* **Task brief**
Report how many lines in the data below hold "UpperLimit", with no other words.

* **Information provided**
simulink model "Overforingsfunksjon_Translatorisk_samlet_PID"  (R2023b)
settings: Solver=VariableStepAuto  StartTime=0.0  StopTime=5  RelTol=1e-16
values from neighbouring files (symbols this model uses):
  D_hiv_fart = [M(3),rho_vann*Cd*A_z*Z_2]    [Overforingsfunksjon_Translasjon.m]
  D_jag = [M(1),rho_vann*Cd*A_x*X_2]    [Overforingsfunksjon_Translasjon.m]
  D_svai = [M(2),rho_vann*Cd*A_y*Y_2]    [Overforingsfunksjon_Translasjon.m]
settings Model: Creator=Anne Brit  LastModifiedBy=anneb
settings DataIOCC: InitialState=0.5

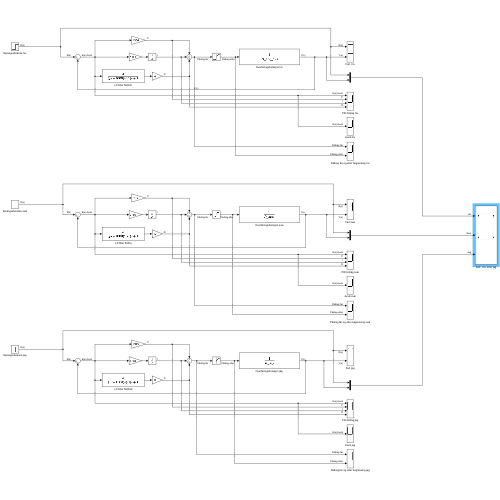
[thumbnail: Simulink's stored preview of the top-level diagram]
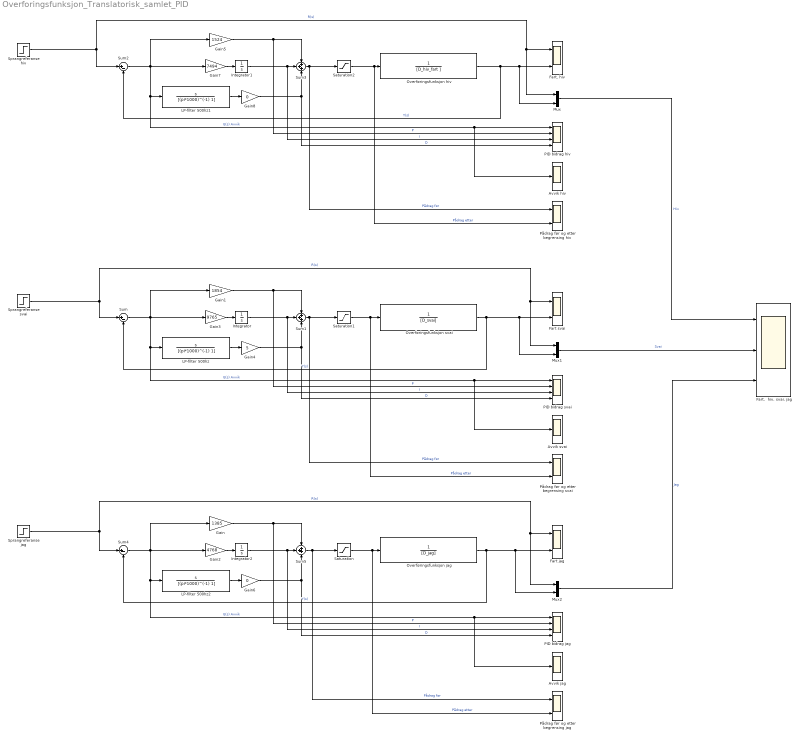
== system Overforingsfunksjon_Translatorisk_samlet_PID ==
  " LP-filter 500hz" : TransferFcn  Numerator=[1 0]  Denominator=[(pi*1000)^(-1) 1]
  " LP-filter 500hz1" : TransferFcn  Numerator=[1 0]  Denominator=[(pi*1000)^(-1) 1]
  " LP-filter 500hz2" : TransferFcn  Numerator=[1 0]  Denominator=[(pi*1000)^(-1) 1]
  Avvik hiv : Scope
  Avvik jag : Scope
  Avvik svai : Scope
  Fart jag : Scope  NumInputPorts=2
  Fart svai : Scope  NumInputPorts=2
  "Fart,  hiv, svai, jag" : Scope  NumInputPorts=3
  "Fart, hiv" : Scope  NumInputPorts=2
  Gain : Gain  Gain=1385
  Gain1 : Gain  Gain=1854
  Gain2 : Gain  Gain=4768
  Gain3 : Gain  Gain=9765
  Gain4 : Gain  Gain=5
  Gain5 : Gain  Gain=1524
  Gain6 : Gain  Gain=0
  Gain7 : Gain  Gain=7494
  Gain8 : Gain  Gain=0
  Integrator : Integrator
  Integrator1 : Integrator
  Integrator2 : Integrator
  Mux : Mux  Inputs=2
  Mux1 : Mux  Inputs=2
  Mux2 : Mux  Inputs=2
  Overføringsfunksjon hiv : TransferFcn  Denominator=[D_hiv_fart ]
  "Overføringsfunksjon jag " : TransferFcn  Denominator=[D_jag]
  Overføringsfunksjon svai : TransferFcn  Denominator=[D_svai]
  PID bidrag hiv : Scope  NumInputPorts=4
  PID bidrag jag : Scope  NumInputPorts=4
  PID bidrag svai : Scope  NumInputPorts=4
  Pådrag før og etter begrensing hiv : Scope  NumInputPorts=2
  Pådrag før og etter begrensing jag : Scope  NumInputPorts=2
  Pådrag før og etter begrensing svai : Scope  NumInputPorts=2
  Saturation : Saturate  UpperLimit=125  LowerLimit=-125
  Saturation1 : Saturate  UpperLimit=65  LowerLimit=-65
  Saturation2 : Saturate  UpperLimit=115  LowerLimit=-145
  Sprangreferanse hiv : Step  After=0.0325  SampleTime=0
  Sprangreferanse jag : Step  After=0.0445  SampleTime=0
  Sprangreferanse svai : Step  After=0.033  SampleTime=0
  Sum : Sum  Inputs=|+-
  Sum1 : Sum  Inputs=+++
  Sum2 : Sum  Inputs=|+-
  Sum3 : Sum  Inputs=+++
  Sum4 : Sum  Inputs=|+-
  Sum5 : Sum  Inputs=+++
  wires:
  Sum5/1 -> Pådrag før og etter begrensing jag/1, Saturation/1  "Pådrag før"
  Integrator2/1 -> PID bidrag jag/3, Sum5/2  "I"
  Sprangreferanse jag/1 -> Sum4/1, Mux2/1, Fart jag/1  "R(s)"
  Sum4/1 -> PID bidrag jag/1, Avvik jag/1, " LP-filter 500hz2"/1, Gain2/1, Gain/1  "E(s) Avvik"
  Saturation/1 -> Pådrag før og etter begrensing jag/2, "Overføringsfunksjon jag "/1  "Pådrag etter"
  "Overføringsfunksjon jag "/1 -> Sum4/2, Mux2/2, Fart jag/2  "Y(s)"
  Gain2/1 -> Integrator2/1
  Gain6/1 -> Sum5/3, PID bidrag jag/4  "D"
  Gain/1 -> Sum5/1, PID bidrag jag/2  "P"
  " LP-filter 500hz2"/1 -> Gain6/1
  Sum1/1 -> Pådrag før og etter begrensing svai/1, Saturation1/1  "Pådrag før"
  Gain3/1 -> Integrator/1
  " LP-filter 500hz"/1 -> Gain4/1
  Gain4/1 -> Sum1/3, PID bidrag svai/4  "D"
  Integrator/1 -> PID bidrag svai/3, Sum1/2  "I"
  Sprangreferanse svai/1 -> Mux1/1, Fart svai/1, Sum/1  "R(s)"
  Saturation1/1 -> Pådrag før og etter begrensing svai/2, Overføringsfunksjon svai/1  "Pådrag etter"
  Gain1/1 -> Sum1/1, PID bidrag svai/2  "P"
  Overføringsfunksjon svai/1 -> Sum/2, Mux1/2, Fart svai/2  "Y(s)"
  Sum/1 -> " LP-filter 500hz"/1, PID bidrag svai/1, Avvik svai/1, Gain3/1, Gain1/1  "E(s) Avvik"
  Saturation2/1 -> Pådrag før og etter begrensing hiv/2, Overføringsfunksjon hiv/1  "Pådrag etter"
  Gain7/1 -> Integrator1/1
  " LP-filter 500hz1"/1 -> Gain8/1
  Integrator1/1 -> PID bidrag hiv/3, Sum3/2  "I"
  Sum3/1 -> Pådrag før og etter begrensing hiv/1, Saturation2/1  "Pådrag før"
  Gain8/1 -> Sum3/3, PID bidrag hiv/4  "D"
  Sprangreferanse hiv/1 -> Sum2/1, Mux/1, "Fart, hiv"/1  "R(s)"
  Sum2/1 -> PID bidrag hiv/1, Avvik hiv/1, " LP-filter 500hz1"/1, Gain7/1, Gain5/1  "E(s) Avvik"
  Overføringsfunksjon hiv/1 -> Sum2/2, Mux/2, "Fart, hiv"/2  "Y(s)"
  Gain5/1 -> Sum3/1, PID bidrag hiv/2  "P"
  Mux/1 -> "Fart,  hiv, svai, jag"/1  "Hiv"
  Mux1/1 -> "Fart,  hiv, svai, jag"/2  "Svai"
  Mux2/1 -> "Fart,  hiv, svai, jag"/3  "Jag"

* **Answer to the problem**
3